Русава опять не удержалась. Улыбаясь, потянулась к псице и положив на ее лобастую голову руку, принялась тихонечко, и уже умело почесывать за ухом. Большой, диковинный зверь выглядел таким мягким, таким теплым, что русалке все время хотелось ее трогать и тискать.

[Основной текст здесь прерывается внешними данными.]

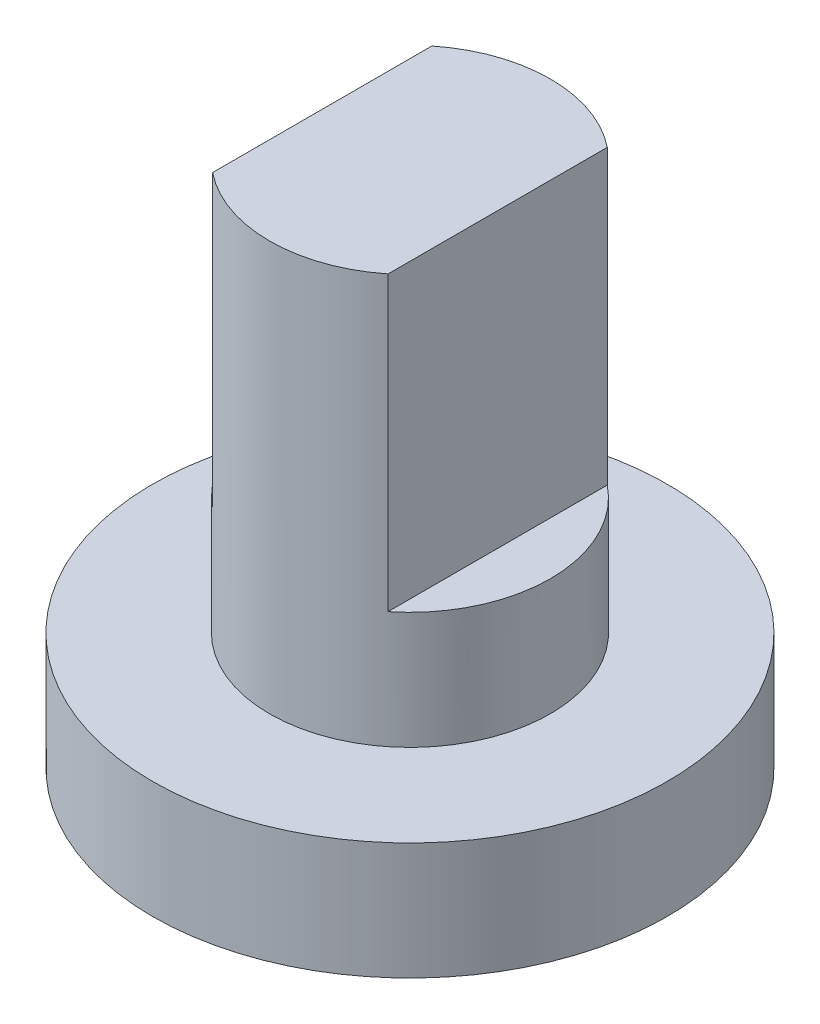
ISO-10303-21;
HEADER;
FILE_DESCRIPTION(('STEP AP214'),'2;1');
FILE_NAME('part.step','',(''),(''),'','','');
FILE_SCHEMA(('AUTOMOTIVE_DESIGN { 1 0 10303 214 1 1 1 1 }'));
ENDSEC;
DATA;
#1=APPLICATION_CONTEXT('core data for automotive mechanical design processes');
#2=APPLICATION_PROTOCOL_DEFINITION('international standard','automotive_design',2000,#1);
#3=PRODUCT_CONTEXT('',#1,'mechanical');
#4=PRODUCT('Part','Part','',(#3));
#5=PRODUCT_RELATED_PRODUCT_CATEGORY('part','',(#4));
#6=PRODUCT_DEFINITION_FORMATION('','',#4);
#7=PRODUCT_DEFINITION_CONTEXT('part definition',#1,'design');
#8=PRODUCT_DEFINITION('design','',#6,#7);
#9=PRODUCT_DEFINITION_SHAPE('','',#8);
#10=(LENGTH_UNIT() NAMED_UNIT(*) SI_UNIT(.MILLI.,.METRE.));
#11=(NAMED_UNIT(*) PLANE_ANGLE_UNIT() SI_UNIT($,.RADIAN.));
#12=(NAMED_UNIT(*) SI_UNIT($,.STERADIAN.) SOLID_ANGLE_UNIT());
#13=UNCERTAINTY_MEASURE_WITH_UNIT(LENGTH_MEASURE(1.E-05),#10,'distance_accuracy_value','');
#14=(GEOMETRIC_REPRESENTATION_CONTEXT(3) GLOBAL_UNCERTAINTY_ASSIGNED_CONTEXT((#13)) GLOBAL_UNIT_ASSIGNED_CONTEXT((#10,
#11,#12)) REPRESENTATION_CONTEXT('',''));
#15=CARTESIAN_POINT('',(0.,0.,0.));
#16=DIRECTION('',(0.,0.,1.));
#17=DIRECTION('',(1.,0.,0.));
#18=AXIS2_PLACEMENT_3D('',#15,#16,#17);
#19=CARTESIAN_POINT('',(0.,4.,0.));
#20=DIRECTION('',(0.,1.,0.));
#21=DIRECTION('',(0.,0.,1.));
#22=AXIS2_PLACEMENT_3D('',#19,#20,#21);
#23=PLANE('',#22);
#24=CARTESIAN_POINT('',(0.,4.,0.));
#25=DIRECTION('',(0.,1.,0.));
#26=DIRECTION('',(0.,0.,1.));
#27=AXIS2_PLACEMENT_3D('',#24,#25,#26);
#28=CIRCLE('',#27,2.4);
#29=CARTESIAN_POINT('',(1.5,4.,1.87349939951952));
#30=VERTEX_POINT('',#29);
#31=CARTESIAN_POINT('',(1.5,4.,-1.87349939951952));
#32=VERTEX_POINT('',#31);
#33=EDGE_CURVE('E98',#30,#32,#28,.T.);
#34=ORIENTED_EDGE('',*,*,#33,.T.);
#35=DIRECTION('',(0.,0.,1.));
#36=VECTOR('',#35,1.);
#37=CARTESIAN_POINT('',(1.5,4.,0.));
#38=LINE('',#37,#36);
#39=EDGE_CURVE('E109',#32,#30,#38,.T.);
#40=ORIENTED_EDGE('',*,*,#39,.T.);
#41=EDGE_LOOP('',(#34,#40));
#42=FACE_BOUND('',#41,.T.);
#43=ADVANCED_FACE('F38',(#42),#23,.T.);
#44=CARTESIAN_POINT('',(0.,2.,0.));
#45=DIRECTION('',(0.,-1.,0.));
#46=DIRECTION('',(0.,0.,-1.));
#47=AXIS2_PLACEMENT_3D('',#44,#45,#46);
#48=CYLINDRICAL_SURFACE('',#47,4.4);
#49=CARTESIAN_POINT('',(0.,2.,0.));
#50=DIRECTION('',(0.,1.,0.));
#51=DIRECTION('',(0.,0.,1.));
#52=AXIS2_PLACEMENT_3D('',#49,#50,#51);
#53=CIRCLE('',#52,4.4);
#54=CARTESIAN_POINT('',(0.,2.,4.4));
#55=VERTEX_POINT('',#54);
#56=EDGE_CURVE('E47',#55,#55,#53,.T.);
#57=ORIENTED_EDGE('',*,*,#56,.F.);
#58=EDGE_LOOP('',(#57));
#59=FACE_BOUND('',#58,.T.);
#60=CARTESIAN_POINT('',(0.,0.,0.));
#61=DIRECTION('',(0.,1.,0.));
#62=DIRECTION('',(0.,0.,1.));
#63=AXIS2_PLACEMENT_3D('',#60,#61,#62);
#64=CIRCLE('',#63,4.4);
#65=CARTESIAN_POINT('',(0.,0.,4.4));
#66=VERTEX_POINT('',#65);
#67=EDGE_CURVE('E42',#66,#66,#64,.T.);
#68=ORIENTED_EDGE('',*,*,#67,.T.);
#69=EDGE_LOOP('',(#68));
#70=FACE_BOUND('',#69,.T.);
#71=ADVANCED_FACE('F40',(#59,#70),#48,.T.);
#72=CARTESIAN_POINT('',(0.,2.,0.));
#73=DIRECTION('',(0.,1.,0.));
#74=DIRECTION('',(0.,0.,1.));
#75=AXIS2_PLACEMENT_3D('',#72,#73,#74);
#76=PLANE('',#75);
#77=CARTESIAN_POINT('',(0.,2.,0.));
#78=DIRECTION('',(0.,1.,0.));
#79=DIRECTION('',(0.,0.,1.));
#80=AXIS2_PLACEMENT_3D('',#77,#78,#79);
#81=CIRCLE('',#80,2.4);
#82=CARTESIAN_POINT('',(0.,2.,2.4));
#83=VERTEX_POINT('',#82);
#84=EDGE_CURVE('E11',#83,#83,#81,.T.);
#85=ORIENTED_EDGE('',*,*,#84,.F.);
#86=EDGE_LOOP('',(#85));
#87=FACE_BOUND('',#86,.T.);
#88=ORIENTED_EDGE('',*,*,#56,.T.);
#89=EDGE_LOOP('',(#88));
#90=FACE_BOUND('',#89,.T.);
#91=ADVANCED_FACE('F124',(#87,#90),#76,.T.);
#92=CARTESIAN_POINT('',(0.,0.,0.));
#93=DIRECTION('',(0.,1.,0.));
#94=DIRECTION('',(0.,0.,1.));
#95=AXIS2_PLACEMENT_3D('',#92,#93,#94);
#96=PLANE('',#95);
#97=ORIENTED_EDGE('',*,*,#67,.F.);
#98=EDGE_LOOP('',(#97));
#99=FACE_BOUND('',#98,.T.);
#100=ADVANCED_FACE('F122',(#99),#96,.F.);
#101=CARTESIAN_POINT('',(0.,4.,0.));
#102=DIRECTION('',(0.,-1.,0.));
#103=DIRECTION('',(0.,0.,-1.));
#104=AXIS2_PLACEMENT_3D('',#101,#102,#103);
#105=CYLINDRICAL_SURFACE('',#104,2.4);
#106=ORIENTED_EDGE('',*,*,#33,.F.);
#107=DIRECTION('',(0.,-1.,0.));
#108=VECTOR('',#107,1.);
#109=CARTESIAN_POINT('',(1.5,9.,1.87349939951952));
#110=LINE('',#109,#108);
#111=CARTESIAN_POINT('',(1.5,9.,1.87349939951952));
#112=VERTEX_POINT('',#111);
#113=EDGE_CURVE('E55',#112,#30,#110,.T.);
#114=ORIENTED_EDGE('',*,*,#113,.F.);
#115=CARTESIAN_POINT('',(0.,9.,0.));
#116=DIRECTION('',(0.,1.,0.));
#117=DIRECTION('',(0.,0.,1.));
#118=AXIS2_PLACEMENT_3D('',#115,#116,#117);
#119=CIRCLE('',#118,2.4);
#120=CARTESIAN_POINT('',(-1.5,9.,1.87349939951952));
#121=VERTEX_POINT('',#120);
#122=EDGE_CURVE('E88',#121,#112,#119,.T.);
#123=ORIENTED_EDGE('',*,*,#122,.F.);
#124=DIRECTION('',(0.,-1.,0.));
#125=VECTOR('',#124,1.);
#126=CARTESIAN_POINT('',(-1.5,9.,1.87349939951952));
#127=LINE('',#126,#125);
#128=CARTESIAN_POINT('',(-1.5,4.,1.87349939951952));
#129=VERTEX_POINT('',#128);
#130=EDGE_CURVE('E99',#121,#129,#127,.T.);
#131=ORIENTED_EDGE('',*,*,#130,.T.);
#132=CARTESIAN_POINT('',(-1.5,4.,-1.87349939951952));
#133=VERTEX_POINT('',#132);
#134=EDGE_CURVE('E114',#133,#129,#28,.T.);
#135=ORIENTED_EDGE('',*,*,#134,.F.);
#136=DIRECTION('',(0.,-1.,0.));
#137=VECTOR('',#136,1.);
#138=CARTESIAN_POINT('',(-1.5,9.,-1.87349939951952));
#139=LINE('',#138,#137);
#140=CARTESIAN_POINT('',(-1.5,9.,-1.87349939951952));
#141=VERTEX_POINT('',#140);
#142=EDGE_CURVE('E82',#141,#133,#139,.T.);
#143=ORIENTED_EDGE('',*,*,#142,.F.);
#144=CARTESIAN_POINT('',(0.,9.,0.));
#145=DIRECTION('',(0.,1.,0.));
#146=DIRECTION('',(0.,0.,1.));
#147=AXIS2_PLACEMENT_3D('',#144,#145,#146);
#148=CIRCLE('',#147,2.4);
#149=CARTESIAN_POINT('',(1.5,9.,-1.87349939951952));
#150=VERTEX_POINT('',#149);
#151=EDGE_CURVE('E64',#150,#141,#148,.T.);
#152=ORIENTED_EDGE('',*,*,#151,.F.);
#153=DIRECTION('',(0.,-1.,0.));
#154=VECTOR('',#153,1.);
#155=CARTESIAN_POINT('',(1.5,9.,-1.87349939951952));
#156=LINE('',#155,#154);
#157=EDGE_CURVE('E100',#150,#32,#156,.T.);
#158=ORIENTED_EDGE('',*,*,#157,.T.);
#159=EDGE_LOOP('',(#106,#114,#123,#131,#135,#143,#152,#158));
#160=FACE_BOUND('',#159,.T.);
#161=ORIENTED_EDGE('',*,*,#84,.T.);
#162=EDGE_LOOP('',(#161));
#163=FACE_BOUND('',#162,.T.);
#164=ADVANCED_FACE('F95',(#160,#163),#105,.T.);
#165=DIRECTION('',(0.,0.,1.));
#166=VECTOR('',#165,1.);
#167=CARTESIAN_POINT('',(-1.5,4.,0.));
#168=LINE('',#167,#166);
#169=EDGE_CURVE('E107',#133,#129,#168,.T.);
#170=ORIENTED_EDGE('',*,*,#169,.F.);
#171=ORIENTED_EDGE('',*,*,#134,.T.);
#172=EDGE_LOOP('',(#170,#171));
#173=FACE_BOUND('',#172,.T.);
#174=ADVANCED_FACE('F129',(#173),#23,.T.);
#175=CARTESIAN_POINT('',(-1.5,9.,0.));
#176=DIRECTION('',(1.,0.,0.));
#177=DIRECTION('',(0.,0.,-1.));
#178=AXIS2_PLACEMENT_3D('',#175,#176,#177);
#179=PLANE('',#178);
#180=ORIENTED_EDGE('',*,*,#169,.T.);
#181=ORIENTED_EDGE('',*,*,#130,.F.);
#182=DIRECTION('',(0.,0.,1.));
#183=VECTOR('',#182,1.);
#184=CARTESIAN_POINT('',(-1.5,9.,0.));
#185=LINE('',#184,#183);
#186=EDGE_CURVE('E91',#141,#121,#185,.T.);
#187=ORIENTED_EDGE('',*,*,#186,.F.);
#188=ORIENTED_EDGE('',*,*,#142,.T.);
#189=EDGE_LOOP('',(#180,#181,#187,#188));
#190=FACE_BOUND('',#189,.T.);
#191=ADVANCED_FACE('F142',(#190),#179,.F.);
#192=CARTESIAN_POINT('',(1.5,9.,0.));
#193=DIRECTION('',(1.,0.,0.));
#194=DIRECTION('',(0.,0.,-1.));
#195=AXIS2_PLACEMENT_3D('',#192,#193,#194);
#196=PLANE('',#195);
#197=ORIENTED_EDGE('',*,*,#39,.F.);
#198=ORIENTED_EDGE('',*,*,#157,.F.);
#199=DIRECTION('',(0.,0.,1.));
#200=VECTOR('',#199,1.);
#201=CARTESIAN_POINT('',(1.5,9.,0.));
#202=LINE('',#201,#200);
#203=EDGE_CURVE('E90',#150,#112,#202,.T.);
#204=ORIENTED_EDGE('',*,*,#203,.T.);
#205=ORIENTED_EDGE('',*,*,#113,.T.);
#206=EDGE_LOOP('',(#197,#198,#204,#205));
#207=FACE_BOUND('',#206,.T.);
#208=ADVANCED_FACE('F102',(#207),#196,.T.);
#209=CARTESIAN_POINT('',(0.,9.,0.));
#210=DIRECTION('',(0.,1.,0.));
#211=DIRECTION('',(0.,0.,1.));
#212=AXIS2_PLACEMENT_3D('',#209,#210,#211);
#213=PLANE('',#212);
#214=ORIENTED_EDGE('',*,*,#186,.T.);
#215=ORIENTED_EDGE('',*,*,#122,.T.);
#216=ORIENTED_EDGE('',*,*,#203,.F.);
#217=ORIENTED_EDGE('',*,*,#151,.T.);
#218=EDGE_LOOP('',(#214,#215,#216,#217));
#219=FACE_BOUND('',#218,.T.);
#220=ADVANCED_FACE('F89',(#219),#213,.T.);
#221=CLOSED_SHELL('',(#43,#71,#91,#100,#164,#174,#191,#208,#220));
#222=MANIFOLD_SOLID_BREP('B2',#221);
#223=ADVANCED_BREP_SHAPE_REPRESENTATION('',(#18,#222),#14);
#224=SHAPE_DEFINITION_REPRESENTATION(#9,#223);
ENDSEC;
END-ISO-10303-21;

Но псица не стала нежиться. Она вскочила, перебрала лапами и неожиданно лизнула протянутую руку. Потом обвела русалок взглядом глубоких черно-желтых глаз и несколько раз гулко пролаяла. Затем, неторопливо и как-то странно – будто запинаясь – сказала:

– Да, ты права! Это мое имя! Шейла! Так меня называет вожак. И вы меня так зовите. И еще: вожак и другие люди, которые живут там, в ином мире откуда мы пришли, называют таких как я псами или собаками. Я собака. Я пес. Может называть меня и так. Спасибо вам, что помогли вожаку! Я очень благодарна! Этого я никогда не забуду! Но Дубыня прав: сюда идут чужие люди. Я их чую, чую запах больших зверей, на которых они едут.

– А когда они сюда подъедут? – спросила Велла. – Раз ты чуешь людей, то ответь, скоро они будут тут?

Шейла задумалась, видимо соображая как лучше ответить. Глянула на солнце, что поднялось уже высоко.

– Они будут тут, когда солнце повиснет над во-он тем высоким деревом. Если бы мой вожак, Кирилл, посмотрел на свои часы, он бы вам точно ответил. А я могу сказать только так: по движению солнца.

Дубыня посмотрел на солнце, на вершину высокой сосны, что указала Шейла. Что ж, немного времени есть. Люди сюда едут, но к косе доберутся не так скоро, как он посчитал. Дубыня чуть успокоился, перестал суетиться. «Эк, какую промашку дал! – корил он себя. – А все волнение… Мне б прикинуть, сообразить, где я их видел. Так сверху разве разберешь: далеко они от косы, или почти рядом? Опять же, там буреломы, коням не пройти, значит, объезжать их будут… Время есть, сообразим, как нежданным гостям получше глаза отвести… Но все-таки – до чего разумный и смышленый зверь! Эх, и свезло мне!..»

Леший, взвешивая каждое слово, заговорил уже неторопливо и раздумчиво.